Hipocresía Consagrada: Capellanes que Bendicen Armas y Condenan el Aborto

En los campos de batalla, antes de que los soldados entren en combate, es común ver a capellanes rezando y bendiciendo sus armas. Sacerdotes, pastores y otros líderes religiosos invocan la protección divina sobre rifles, misiles y tanques que, minutos después, aniquilarán a decenas, cientos o miles de personas. Estos mismos líderes, con la voz firme de la moral absoluta, se oponen al aborto bajo el argumento de defender la vida. ¿Cómo pueden, sin el más mínimo rastro de vergüenza, bendecir instrumentos de muerte y al mismo tiempo condenar la interrupción del embarazo?

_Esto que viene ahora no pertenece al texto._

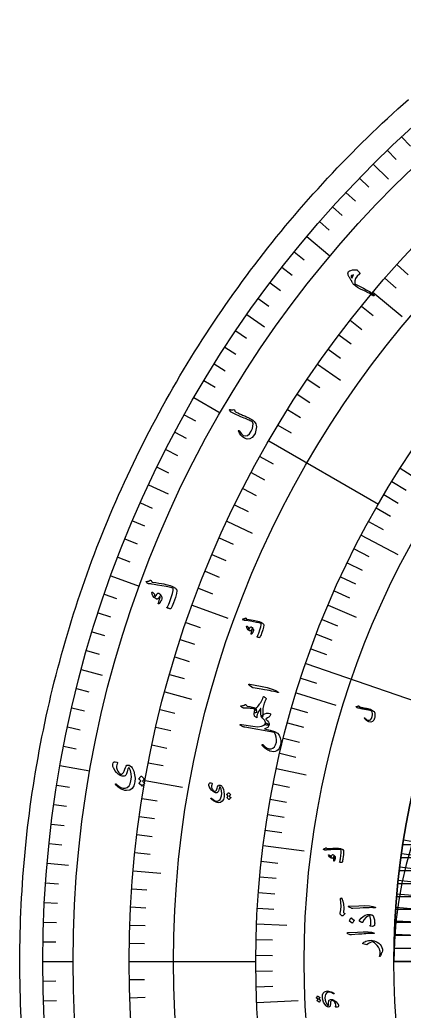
# Model space of a CAD drawing. Header units: millimetres. Extents: x -140 to 140, y -140 to 181.
# Drawn here: x -140 to -93.3, y -6.1 to 114.6 of the extents above; entities that cross this region are included whole.
import ezdxf

# ---------------------------------------------------------------- set-up
doc = ezdxf.new("R2010")
doc.units = ezdxf.units.MM
for name, color, linetype in [('CUT_OUTER', 1, 'Continuous'), ('ENGRAVE', 7, 'Continuous'), ('ENGRAVE_FINE', 8, 'Continuous'), ('TEXT', 5, 'Continuous')]:
    doc.layers.add(name, color=color, linetype=linetype)

msp = doc.modelspace()

# ---------------------------------------------------------------- linework, layer by layer
at = {"layer": 'CUT_OUTER'}
msp.add_lwpolyline([(-139.8314, -6.8695), (-139.8709, -6.0114), (-139.9051, -5.153), (-139.9341, -4.2945), (-139.9578, -3.4358), (-139.9763, -2.5769), (-139.9895, -1.718), (-139.9974, -0.859), (-140, 0), (-139.9974, 0.859), (-139.9895, 1.718), (-139.9763, 2.5769), (-139.9578, 3.4358), (-139.9341, 4.2945), (-139.9051, 5.153), (-139.8709, 6.0114), (-139.8314, 6.8695), (-139.7866, 7.7273), (-139.7365, 8.5849), (-139.6812, 9.4421), (-139.6207, 10.299), (-139.5548, 11.1555), (-139.4838, 12.0116), (-139.4074, 12.8673), (-139.3259, 13.7224), (-139.239, 14.577), (-139.147, 15.4311), (-139.0497, 16.2846), (-138.9471, 17.1375), (-138.8394, 17.9897), (-138.7264, 18.8413), (-138.6081, 19.6922), (-138.4847, 20.5423), (-138.3561, 21.3916), (-138.2222, 22.2401), (-138.0831, 23.0878), (-137.9389, 23.9347), (-137.7894, 24.7806), (-137.6348, 25.6256), (-137.4749, 26.4696), (-137.3099, 27.3126), (-137.1398, 28.1546), (-136.9644, 28.9956), (-136.7839, 29.8354), (-136.5983, 30.6742), (-136.4075, 31.5117), (-136.2116, 32.3481), (-136.0105, 33.1833), (-135.8044, 34.0172), (-135.5931, 34.8499), (-135.3767, 35.6812), (-135.1552, 36.5112), (-134.9286, 37.3398), (-134.697, 38.167), (-134.4603, 38.9928), (-134.2185, 39.8171), (-133.9716, 40.6399), (-133.7198, 41.4611), (-133.4628, 42.2808), (-133.2009, 43.0989), (-132.9339, 43.9154), (-132.662, 44.7303), (-132.385, 45.5434), (-132.1031, 46.3549), (-131.8162, 47.1646), (-131.5243, 47.9725), (-131.2275, 48.7786), (-130.9257, 49.5829), (-130.619, 50.3853), (-130.3074, 51.1858), (-129.9909, 51.9844), (-129.6694, 52.781), (-129.3431, 53.5757), (-129.012, 54.3683), (-128.6759, 55.1589), (-128.3351, 55.9474), (-127.9894, 56.7338), (-127.6388, 57.518), (-127.2835, 58.3001), (-126.9234, 59.08), (-126.5585, 59.8577), (-126.1888, 60.6331), (-125.8144, 61.4063), (-125.4353, 62.1771), (-125.0514, 62.9456), (-124.6628, 63.7117), (-124.2695, 64.4754), (-123.8716, 65.2367), (-123.469, 65.9955), (-123.0617, 66.7519), (-122.6498, 67.5057), (-122.2333, 68.257), (-121.8122, 69.0057), (-121.3865, 69.7519), (-120.9562, 70.4954), (-120.5214, 71.2362), (-120.082, 71.9744), (-119.6381, 72.7098), (-119.1897, 73.4426), (-118.7368, 74.1725), (-118.2795, 74.8997), (-117.8177, 75.624), (-117.3515, 76.3455), (-116.8808, 77.0641), (-116.4057, 77.7798), (-115.9263, 78.4926), (-115.4425, 79.2025), (-114.9544, 79.9093), (-114.4619, 80.6131), (-113.9651, 81.314), (-113.464, 82.0117), (-112.9587, 82.7064), (-112.4491, 83.3979), (-111.9352, 84.0863), (-111.4172, 84.7715), (-110.8949, 85.4536), (-110.3685, 86.1324), (-109.8379, 86.808), (-109.3032, 87.4803), (-108.7644, 88.1494), (-108.2215, 88.8151), (-107.6745, 89.4774), (-107.1234, 90.1364), (-106.5683, 90.792), (-106.0092, 91.4442), (-105.4462, 92.0929), (-104.8791, 92.7382), (-104.3081, 93.38), (-103.7332, 94.0183), (-103.1543, 94.653), (-102.5716, 95.2841), (-101.985, 95.9117), (-101.3946, 96.5357), (-100.8004, 97.156), (-100.2023, 97.7727), (-99.6005, 98.3857), (-98.9949, 98.9949), (-98.3857, 99.6005), (-97.7727, 100.2023), (-97.156, 100.8004), (-96.5357, 101.3946), (-95.9117, 101.985), (-95.2841, 102.5716), (-94.653, 103.1543), (-94.0183, 103.7332), (-93.38, 104.3081), (-92.7382, 104.8791)], dxfattribs=at)
at = {"layer": 'ENGRAVE'}
for points in [[(-97.0151, 97.0151), (-95.1589, 95.1589)], [(-105.1013, 88.1905), (-102.2861, 85.8282)], [(-97.0578, 81.4412), (-93.5187, 78.4715)], [(-112.3877, 78.6947), (-110.2374, 77.189)], [(-103.7866, 72.6721), (-101.0113, 70.7289)], [(-118.8187, 68.6), (-115.636, 66.7625)], [(-109.7254, 63.35), (-96.3886, 55.65)], [(-93.7416, 60.0016), (-90.6287, 58.0091)], [(-124.3454, 57.9832), (-121.9664, 56.8739)], [(-114.8292, 53.5457), (-111.7586, 52.1139)], [(-98.4771, 51.8648), (-94.0177, 49.5162)], [(-128.9258, 46.9252), (-125.4725, 45.6682)], [(-119.0591, 43.334), (-114.7177, 41.7538)], [(-102.5172, 43.335), (-99.1128, 41.8959)], [(-105.2255, 36.2668), (-89.3424, 30.7926)], [(-132.525, 35.51), (-129.9895, 34.8306)], [(-122.3828, 32.7924), (-119.1102, 31.9155)], [(-106.3997, 32.6619), (-101.5816, 31.1829)], [(-135.1156, 23.8245), (-131.4965, 23.1864)], [(-108.7962, 23.4752), (-105.1833, 22.6956)], [(-124.7751, 22.0012), (-120.2253, 21.199)], [(-110.4044, 14.0912), (-105.4049, 13.4531)], [(-136.6779, 11.9578), (-134.0629, 11.729)], [(-126.2179, 11.0426), (-122.8428, 10.7473)], [(0, 7.875), (-94.1713, 7.875)], [(-94.1404, 8.2362), (-90.8455, 7.948)], [(-111.2059, 4.5769), (-107.513, 4.4249)], [(-137.2, 0), (-133.525, 0)], [(-126.7, 0), (-111.3, 0)], [(-94.5, 0), (94.5, 0)], [(0, 0), (-94.5, 0)], [(-94.5, 0), (-89.775, 0)], [(-111.1877, -4.9985), (-106.1528, -4.7721)]]:
    msp.add_lwpolyline(points, dxfattribs=at)
for radius in [137.2, 137.2, 133.525, 126.7, 126.7, 121.31, 111.3, 111.3, 105.42, 94.5, 94.5]:
    msp.add_circle((0, 0), radius, dxfattribs=at)
for centre, radius, start in [((0, 0), 94.5, 90), ((-47.25, 0), 47.25, 0)]:
    msp.add_arc(centre, radius, start, 180, dxfattribs=at)
at = {"layer": 'ENGRAVE_FINE'}
for points in [[(-93.5702, 100.3417), (-92.496, 99.1898)], [(-95.3071, 98.6934), (-94.213, 97.5605)], [(-98.6934, 95.3071), (-97.5605, 94.213)], [(-100.3417, 93.5702), (-99.1898, 92.496)], [(-101.9595, 91.8047), (-100.789, 90.7508)], [(-103.5462, 90.0113), (-102.3575, 88.978)], [(-106.6244, 86.3428), (-105.4004, 85.3516)], [(-108.1151, 84.4688), (-106.874, 83.4991)], [(-94.1564, 84.7788), (-92.7831, 83.5423)], [(-109.5728, 82.569), (-108.3149, 81.6212)], [(-95.6217, 83.1227), (-94.227, 81.9103)], [(-110.9971, 80.6441), (-109.7229, 79.7184)], [(-98.4644, 79.7349), (-97.0282, 78.5719)], [(-99.841, 78.0043), (-98.3847, 76.8666)], [(-113.744, 76.7213), (-112.4382, 75.8405)], [(-101.1871, 76.25), (-99.7112, 75.1378)], [(-115.0656, 74.7245), (-113.7447, 73.8667)], [(-102.5025, 74.4724), (-101.0074, 73.3862)], [(-116.3522, 72.7049), (-115.0165, 71.8703)], [(-117.6034, 70.6632), (-116.2533, 69.852)], [(-105.0391, 70.8497), (-103.507, 69.8164)], [(-106.2596, 69.0058), (-104.7097, 67.9993)], [(-119.9978, 66.5159), (-118.6203, 65.7523)], [(-107.4477, 67.1408), (-105.8805, 66.1615)], [(-108.6031, 65.2553), (-107.0191, 64.3035)], [(-121.1404, 64.4115), (-119.7498, 63.6721)], [(-122.2461, 62.2875), (-120.8428, 61.5725)], [(-110.8143, 61.4254), (-109.198, 60.5295)], [(-123.3145, 60.1445), (-121.8989, 59.4541)], [(-111.8695, 59.482), (-110.2378, 58.6145)], [(-94.7426, 58.4084), (-93.0265, 57.3504)], [(-112.8905, 57.5206), (-111.2439, 56.6816)], [(-95.7169, 56.7976), (-93.9831, 55.7688)], [(-125.3384, 55.8043), (-123.8996, 55.1637)], [(-113.8772, 55.5416), (-112.2162, 54.7315)], [(-96.6643, 55.1698), (-94.9134, 54.1705)], [(-126.2933, 53.6083), (-124.8435, 52.9929)], [(-97.5844, 53.5254), (-95.8169, 52.5559)], [(-127.2096, 51.396), (-125.7493, 50.806)], [(-115.7462, 51.5335), (-114.058, 50.7819)], [(-116.628, 49.5056), (-114.9269, 48.7836)], [(-99.3419, 50.1885), (-97.5425, 49.2794)], [(-128.0872, 49.1681), (-126.6168, 48.6037)], [(-100.1786, 48.4969), (-98.364, 47.6184)], [(-117.4742, 47.4627), (-115.7608, 46.7704)], [(-100.9869, 46.7904), (-99.1577, 45.9429)], [(-129.7251, 44.668), (-128.236, 44.1552)], [(-118.2846, 45.4052), (-116.5594, 44.743)], [(-101.7665, 45.0697), (-99.9232, 44.2533)], [(-130.485, 42.3971), (-128.987, 41.9104)], [(-119.7972, 41.2495), (-118.0499, 40.6478)], [(-103.2387, 41.5869), (-101.3687, 40.8336)], [(-131.205, 40.1134), (-129.6988, 39.6529)], [(-103.9307, 39.8258), (-102.0482, 39.1044)], [(-120.4989, 39.1525), (-118.7413, 38.5814)], [(-131.8851, 37.8174), (-130.3711, 37.3833)], [(-104.5931, 38.0523), (-102.6986, 37.363)], [(-121.1638, 37.0435), (-119.3966, 36.5032)], [(-121.7919, 34.9233), (-120.0154, 34.4139)], [(-105.8278, 34.4698), (-103.9109, 33.8455)], [(-133.1246, 33.1917), (-131.5964, 32.8107)], [(-133.6836, 30.8633), (-132.1489, 30.509)], [(-122.9365, 30.6515), (-121.1434, 30.2044)], [(-106.941, 30.8435), (-105.0039, 30.2848)], [(-107.4515, 29.0151), (-105.5052, 28.4895)], [(-134.2019, 28.5255), (-132.6613, 28.198)], [(-123.4527, 28.5013), (-121.6521, 28.0856)], [(-107.9309, 27.1772), (-105.976, 26.6849)], [(-134.6792, 26.179), (-133.1332, 25.8785)], [(-123.9313, 26.3424), (-122.1237, 25.9582)], [(-108.3792, 25.3304), (-106.4162, 24.8716)], [(-124.3722, 24.1755), (-122.5581, 23.8229)], [(-135.5108, 21.4628), (-133.9552, 21.2164)], [(-109.1815, 21.612), (-107.2039, 21.2206)], [(-125.1401, 19.8202), (-123.3149, 19.5312)], [(-109.5352, 19.7415), (-107.5512, 19.384)], [(-135.8648, 19.0945), (-134.3051, 18.8754)], [(-125.467, 17.6332), (-123.6369, 17.376)], [(-109.857, 17.8642), (-107.8671, 17.5406)], [(-136.1773, 16.7205), (-134.6141, 16.5285)], [(-110.1468, 15.9806), (-108.1517, 15.6911)], [(-125.7556, 15.4408), (-123.9214, 15.2156)], [(-93.3365, 14.7831), (-91.4698, 14.4874)], [(-136.4484, 14.3413), (-134.882, 14.1767)], [(0, 14.175), (-93.4308, 14.175)], [(-126.0059, 13.2438), (-124.168, 13.0506)], [(-110.6297, 12.1966), (-108.6259, 11.9756)], [(0, 12.6), (-93.6562, 12.6)], [(-93.5803, 13.1519), (-91.7087, 12.8888)], [(0, 11.025), (-93.8547, 11.025)], [(-93.7956, 11.5167), (-91.9197, 11.2863)], [(-110.8226, 10.2973), (-108.8153, 10.1108)], [(-93.9823, 9.8779), (-92.1027, 9.6804)], [(-136.8658, 9.5706), (-135.2946, 9.4607)], [(-126.3914, 8.8381), (-124.5479, 8.7092)], [(0, 9.45), (-94.0263, 9.45)], [(-110.983, 8.3939), (-108.9728, 8.2418)], [(-137.012, 7.1805), (-135.4391, 7.0981)], [(-126.5264, 6.631), (-124.6809, 6.5342)], [(-111.1108, 6.4869), (-109.0982, 6.3694)], [(0, 6.3), (-94.2898, 6.3)], [(-94.2698, 6.592), (-92.3844, 6.4601)], [(-94.3705, 4.9457), (-92.4831, 4.8468)], [(-137.1164, 4.7882), (-135.5424, 4.7332)], [(-126.6228, 4.4218), (-124.7759, 4.3573)], [(0, 4.725), (-94.3818, 4.725)], [(-111.2681, 2.6645), (-109.2527, 2.6162)], [(0, 3.15), (-94.4475, 3.15)], [(-94.4424, 3.298), (-92.5536, 3.232)], [(-137.1791, 2.3945), (-135.6043, 2.367)], [(-126.6807, 2.2112), (-124.833, 2.179)], [(0, 1.575), (-94.4869, 1.575)], [(-94.4856, 1.6493), (-92.5959, 1.6163)], [(-111.2975, 0.7502), (-109.2815, 0.7366)], [(-111.2939, -1.1655), (-109.278, -1.1444)], [(-137.1791, -2.3945), (-135.6043, -2.367)], [(-126.6807, -2.2112), (-124.833, -2.179)], [(-111.2573, -3.0819), (-109.2421, -3.026)], [(-137.1164, -4.7882), (-135.5424, -4.7332)], [(-126.6228, -4.4218), (-124.7759, -4.3573)]]:
    msp.add_lwpolyline(points, dxfattribs=at)
at = {"layer": 'TEXT'}
for points in [[(-99.633, 82.7983), (-99.6863, 82.8605), (-99.738, 82.9242), (-99.788, 82.9894), (-99.8364, 83.0561), (-99.8821, 83.1245), (-99.9244, 83.1945), (-99.9632, 83.2662), (-99.9986, 83.3395), (-100.0539, 83.483), (-100.0846, 83.6096), (-100.0907, 83.719), (-100.0724, 83.8114), (-100.0082, 83.9218), (-99.8995, 84.0115), (-99.7462, 84.0801), (-99.5485, 84.1276), (-99.49, 84.1371), (-99.4313, 84.1448), (-99.3725, 84.1507), (-99.3135, 84.1547), (-99.2542, 84.1572), (-99.1944, 84.1584), (-99.134, 84.1582), (-99.0731, 84.1567), (-99.0394, 84.1539), (-99.0103, 84.1466), (-98.9858, 84.1349), (-98.9659, 84.1188), (-98.8983, 84.0389), (-98.8383, 83.9672), (-98.7859, 83.9037), (-98.7411, 83.8483), (-98.7044, 83.8018), (-98.6764, 83.7652), (-98.657, 83.7384), (-98.6463, 83.7215), (-98.6381, 83.6951), (-98.6394, 83.671), (-98.6504, 83.6493), (-98.6709, 83.63), (-98.9648, 83.3674), (-99.1583, 83.0869), (-99.2514, 82.7893), (-99.244, 82.4751), (-99.2352, 82.4461), (-99.2219, 82.4224), (-99.2043, 82.4041), (-99.1822, 82.3911), (-98.8637, 82.2412), (-98.537, 82.0792), (-98.2024, 81.905), (-97.8597, 81.7186), (-97.4096, 81.4547), (-97.1028, 81.2439), (-96.9391, 81.0869), (-96.9182, 80.9837), (-96.9402, 80.9672), (-96.9723, 80.9663), (-97.0144, 80.981), (-97.0665, 81.0113), (-97.1693, 81.0815), (-97.2788, 81.1516), (-97.395, 81.2215), (-97.5179, 81.2914), (-97.6468, 81.3614), (-97.7811, 81.4318), (-97.9209, 81.5026), (-98.0661, 81.5737), (-98.5531, 81.8121), (-98.929, 82.0131), (-99.1933, 82.1773), (-99.3458, 82.3048), (-99.4079, 82.3748), (-99.4621, 82.4429), (-99.5086, 82.509), (-99.5472, 82.5731), (-99.5786, 82.6345), (-99.6033, 82.6926), (-99.6215, 82.7472), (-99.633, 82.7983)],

La hipocresía de estos religiosos no es solo evidente, es escandalosa. Justifican la violencia de la guerra con versículos bíblicos, argumentando que hay causas justas para matar. Hablan del «derecho a la defensa» y de «luchar contra el mal», como si el exterminio de personas en un campo de batalla fuera más digno que la decisión de una mujer sobre su propio cuerpo. Sin embargo, cuando se trata del aborto, la compasión desaparece, la misericordia se desvanece y la tolerancia se convierte en fanatismo. De repente, la vida se vuelve sagrada e intocable, siempre y cuando esté en el vientre de una mujer y no en la mira de un rifle bendecido.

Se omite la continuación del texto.